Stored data
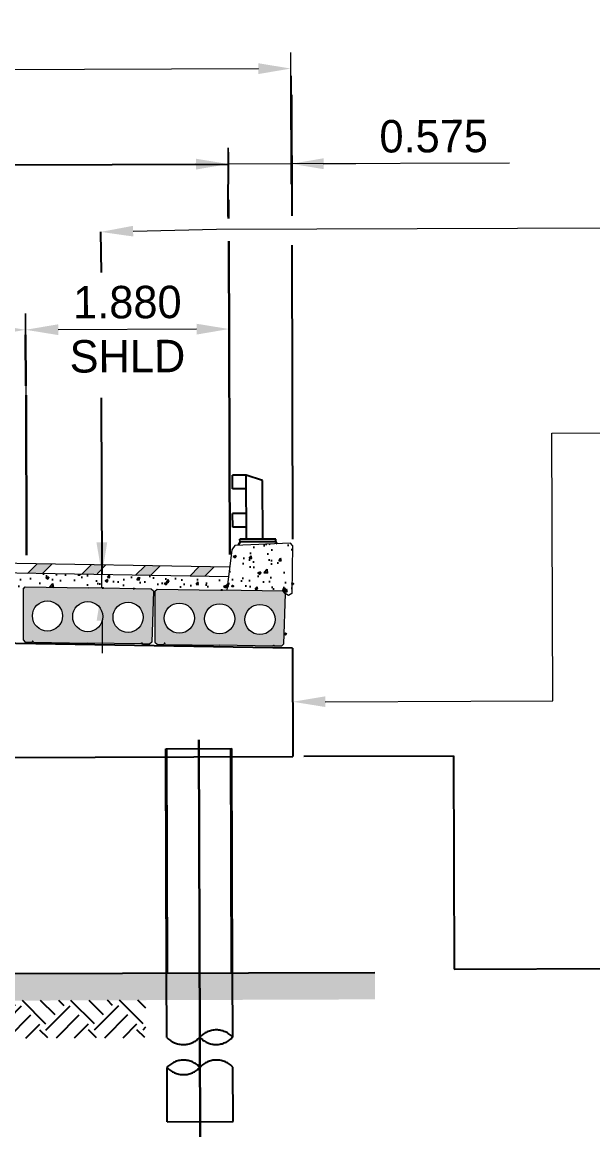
# Model space of a CAD drawing. Header units: metres. Extents: x -16741 to 19994, y 5629700 to 5668838.
# Drawn here: x 16931.82 to 16937.1, y 5649020.71 to 5649031.02 of the extents above; entities that cross this region are included whole.
import ezdxf
from ezdxf import colors
from ezdxf.entities.mleader import LeaderData, LeaderLine
from ezdxf.math import Vec2, Vec3

# ---------------------------------------------------------------- set-up
doc = ezdxf.new("R2010")
doc.units = ezdxf.units.M
doc.linetypes.add('DGN Style 4', pattern=[17.145521, 8.572761, -4.28638, 0, -4.28638])
doc.linetypes.add('HIDDEN2', pattern=[4.7625, 3.175, -1.5875])
for name, color, linetype in [('S-BR-ANNO', 2, 'Continuous'), ('S-BR-DIM', 1, 'Continuous'), ('S-BR-EX-GROUND', 8, 'Continuous'), ('S-BR-HATCH', 252, 'Continuous'), ('S-BR-PIER', 21, 'Continuous'), ('S-BR-PILE-HDD', 21, 'HIDDEN2'), ('S-BR-PILE-PIPE', 1, 'Continuous'), ('S-BR-POST', 139, 'Continuous'), ('S-BR-RIP-RAP', 252, 'Continuous')]:
    doc.layers.add(name, color=color, linetype=linetype)
doc.layers.add('S-BR-CEN-DGN4', color=1, linetype='DGN Style 4', lineweight=30)
doc.layers.add('S-BR-ELEVATIONS-NPLOT', color=8, linetype='Continuous', plot=False)
doc.layers.add('S-BR-NPLOT', color=250, linetype='Continuous', plot=False)
doc.styles.add('AT_Font_Prop_3.0', font='font005.shx', dxfattribs={"height": 3})
doc.dimstyles.new('AT Dim Standard (Meters)', dxfattribs={"dimtxt": 3, "dimasz": 3, "dimexe": 1.5, "dimexo": 1.5, "dimgap": 1, "dimtad": 1, "dimdec": 3, "dimzin": 0, "dimdsep": 46, "dimtxsty": 'AT_Font_Prop_3.0', "dimcen": -1.5, "dimclrd": 256, "dimclre": 256, "dimclrt": 2, "dimaunit": 1, "dimadec": 3, "dimazin": 0, "dimtfac": 1, "dimtdec": 3, "dimtmove": 0, "dimatfit": 3, "dimfxl": 1, "dimtfill": 1, "dimtolj": 1, "dimtzin": 0, "dimlwd": 15, "dimlwe": 15, "dimarcsym": 0})

# ---------------------------------------------------------------- blocks, each defined once
blk = doc.blocks.new('*D84')
at = {"layer": 'Defpoints', "color": 0, "lineweight": 30, "transparency": 16777216}
for p in [(16934.303, 5649030.589), (16934.306, 5649029.787), (16921.985, 5649029.398)]:
    blk.add_point(p, dxfattribs=at)
at = {"layer": 'S-BR-DIM', "lineweight": 15, "transparency": 16777216}
for p, q in [((16934.305, 5649029.937), (16934.303, 5649030.739)), ((16921.984, 5649029.548), (16921.981, 5649030.696)), ((16922.281, 5649030.548), (16934.003, 5649030.588))]:
    blk.add_line(p, q, dxfattribs=at)
at = {"layer": 'S-BR-DIM', "lineweight": 30, "transparency": 16777216}
for points in [[(16934.003, 5649030.638), (16934.003, 5649030.538), (16934.303, 5649030.589)], [(16922.281, 5649030.598), (16922.281, 5649030.498), (16921.981, 5649030.546)]]:
    blk.add_solid(points, dxfattribs=at)
at = {"layer": 'S-BR-DIM', "color": 2, "transparency": 16777216, "insert": (16928.141, 5649030.818), "char_height": 0.3, "attachment_point": 5, "rotation": 0.1985, "style": 'AT_Font_Prop_3.0', "bg_fill": 3, "box_fill_scale": 1.1, "bg_fill_color": 256, "bg_fill_true_color": 13158600, "bg_fill_transparency": 0}
blk.add_mtext('\\A1;12.310', dxfattribs=at)
blk = doc.blocks.new('*D85')
at = {"layer": 'Defpoints', "color": 0, "lineweight": 30, "transparency": 16777216}
for p in [(16933.726, 5649029.706), (16922.566, 5649029.668), (16933.726, 5649029.666)]:
    blk.add_point(p, dxfattribs=at)
at = {"layer": 'S-BR-DIM', "lineweight": 15, "transparency": 16777216}
for p, q in [((16933.726, 5649029.816), (16933.726, 5649029.856)), ((16922.866, 5649029.668), (16933.426, 5649029.705)), ((16922.567, 5649029.518), (16922.567, 5649029.517))]:
    blk.add_line(p, q, dxfattribs=at)
at = {"layer": 'S-BR-DIM', "lineweight": 30, "transparency": 16777216}
for points in [[(16922.866, 5649029.718), (16922.867, 5649029.618), (16922.566, 5649029.667)], [(16933.426, 5649029.755), (16933.426, 5649029.655), (16933.726, 5649029.706)]]:
    blk.add_solid(points, dxfattribs=at)
at = {"layer": 'S-BR-DIM', "color": 2, "transparency": 16777216, "insert": (16928.145, 5649030.015), "char_height": 0.3, "attachment_point": 5, "rotation": 0.1985, "style": 'AT_Font_Prop_3.0', "bg_fill": 3, "box_fill_scale": 1.1, "bg_fill_color": 256, "bg_fill_true_color": 13158600, "bg_fill_transparency": 0}
blk.add_mtext('\\A1;11.160 (CLEAR ROADWAY)', dxfattribs=at)
blk = doc.blocks.new('*D88')
at = {"layer": 'Defpoints', "color": 0, "lineweight": 30, "transparency": 16777216}
for p in [(16933.725, 5649029.706), (16933.726, 5649029.52), (16934.307, 5649029.439)]:
    blk.add_point(p, dxfattribs=at)
at = {"layer": 'S-BR-DIM', "lineweight": 15, "transparency": 16777216}
for p, q in [((16933.725, 5649029.67), (16933.724, 5649029.856)), ((16934.307, 5649029.589), (16934.306, 5649029.858)), ((16933.425, 5649029.705), (16933.125, 5649029.703)), ((16934.306, 5649029.708), (16933.725, 5649029.706)), ((16934.306, 5649029.708), (16933.725, 5649029.706)), ((16936.326, 5649029.715), (16934.306, 5649029.708)), ((16934.606, 5649029.709), (16934.906, 5649029.71))]:
    blk.add_line(p, q, dxfattribs=at)
at = {"layer": 'S-BR-DIM', "lineweight": 30, "transparency": 16777216}
for points in [[(16933.425, 5649029.755), (16933.425, 5649029.655), (16933.725, 5649029.706)], [(16934.606, 5649029.759), (16934.606, 5649029.659), (16934.306, 5649029.708)]]:
    blk.add_solid(points, dxfattribs=at)
at = {"layer": 'S-BR-DIM', "color": 2, "transparency": 16777216, "insert": (16935.625, 5649029.962), "char_height": 0.3, "attachment_point": 5, "rotation": 0.1985, "style": 'AT_Font_Prop_3.0', "bg_fill": 3, "box_fill_scale": 1.1, "bg_fill_color": 256, "bg_fill_true_color": 13158600, "bg_fill_transparency": 0}
blk.add_mtext('\\A1;0.575', dxfattribs=at)
blk = doc.blocks.new('_None')
blk = doc.blocks.new('*U227')
at = {"layer": 'S-BR-ANNO', "lineweight": 5}
for p, q in [((-0.025, 0.045), (-0.113, -0.043)), ((0.113, 0.043), (0.03, -0.04))]:
    blk.add_line(p, q, dxfattribs=at)
blk.add_solid([(0.025, -0.045), (-0.113, -0.043), (0.113, 0.043), (-0.025, 0.045)], dxfattribs=at)
blk = doc.blocks.new('*U228')
at = {"layer": 'S-BR-PIER', "color": 0, "linetype": 'ByBlock', "lineweight": -2, "transparency": 16777216}
for p in [(0, 0), (0.5, -0.01), (1, -0.02), (1.5, -0.03), (2, -0.04), (2.5, -0.05), (2.999, -0.06), (3.499, -0.07), (3.999, -0.08), (4.499, -0.09), (4.999, -0.1)]:
    blk.add_blockref('*U227', p, dxfattribs=at)
blk = doc.blocks.new('*D229')
at = {"layer": 'Defpoints', "color": 0, "lineweight": 30, "transparency": 16777216}
for p in [(16932.556, 5649025.908), (16932.556, 5649025.908), (16932.556, 5649025.783)]:
    blk.add_point(p, dxfattribs=at)
at = {"layer": 'S-BR-DIM', "lineweight": 15, "transparency": 16777216}
for p, q in [((16932.555, 5649026.208), (16932.554, 5649026.508)), ((16932.556, 5649025.783), (16932.556, 5649025.908)), ((16932.557, 5649025.483), (16932.558, 5649025.183))]:
    blk.add_line(p, q, dxfattribs=at)
at = {"layer": 'S-BR-DIM', "lineweight": 30, "transparency": 16777216}
for points in [[(16932.605, 5649026.208), (16932.505, 5649026.208), (16932.556, 5649025.908)], [(16932.607, 5649025.483), (16932.507, 5649025.483), (16932.556, 5649025.783)]]:
    blk.add_solid(points, dxfattribs=at)
blk = doc.blocks.new('*D230')
at = {"layer": 'Defpoints', "color": 0, "lineweight": 30, "transparency": 16777216}
for p in [(16931.851, 5649028.173), (16931.855, 5649027.247), (16933.735, 5649027.214)]:
    blk.add_point(p, dxfattribs=at)
at = {"layer": 'S-BR-DIM', "lineweight": 15, "transparency": 16777216}
for p, q in [((16931.854, 5649027.397), (16931.851, 5649028.323)), ((16933.734, 5649027.364), (16933.731, 5649028.33)), ((16933.431, 5649028.179), (16932.151, 5649028.174))]:
    blk.add_line(p, q, dxfattribs=at)
at = {"layer": 'S-BR-DIM', "lineweight": 30, "transparency": 16777216}
for points in [[(16932.151, 5649028.224), (16932.152, 5649028.124), (16931.851, 5649028.173)], [(16933.431, 5649028.229), (16933.432, 5649028.129), (16933.731, 5649028.18)]]:
    blk.add_solid(points, dxfattribs=at)
at = {"layer": 'S-BR-DIM', "color": 2, "transparency": 16777216, "char_height": 0.3, "attachment_point": 5, "rotation": 0.1985, "style": 'AT_Font_Prop_3.0', "bg_fill": 3, "box_fill_scale": 1.1, "bg_fill_color": 256, "bg_fill_true_color": 13158600, "bg_fill_transparency": 0}
for s, insert in [('\\A1;1.880', (16932.791, 5649028.427)), ('\\A1;SHLD', (16932.792, 5649027.927))]:
    blk.add_mtext(s, dxfattribs=dict(at, insert=insert))
blk = doc.blocks.new('*D297')
at = {"layer": 'Defpoints', "color": 0, "lineweight": 30, "transparency": 16777216}
for p in [(16928.15, 5649028.16), (16928.15, 5649028.16), (16931.852, 5649027.679)]:
    blk.add_point(p, dxfattribs=at)
at = {"layer": 'S-BR-DIM', "lineweight": 15, "transparency": 16777216}
for p, q in [((16931.851, 5649027.829), (16931.85, 5649028.323)), ((16931.55, 5649028.172), (16928.45, 5649028.162))]:
    blk.add_line(p, q, dxfattribs=at)
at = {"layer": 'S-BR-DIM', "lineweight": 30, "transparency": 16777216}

__Aim of the task__
The answer should contain nothing but the lines from the top of the data above through the line containing "doc.linetypes.add('HIDDEN2', pattern=[4.7625, 3.175, -1.5875])", copied exactly, with no images.

__Answer to the problem__
# Model space of a CAD drawing. Header units: metres. Extents: x -16741 to 19994, y 5629700 to 5668838.
# Drawn here: x 16931.82 to 16937.1, y 5649020.71 to 5649031.02 of the extents above; entities that cross this region are included whole.
import ezdxf
from ezdxf import colors
from ezdxf.entities.mleader import LeaderData, LeaderLine
from ezdxf.math import Vec2, Vec3

# ---------------------------------------------------------------- set-up
doc = ezdxf.new("R2010")
doc.units = ezdxf.units.M
doc.linetypes.add('DGN Style 4', pattern=[17.145521, 8.572761, -4.28638, 0, -4.28638])
doc.linetypes.add('HIDDEN2', pattern=[4.7625, 3.175, -1.5875])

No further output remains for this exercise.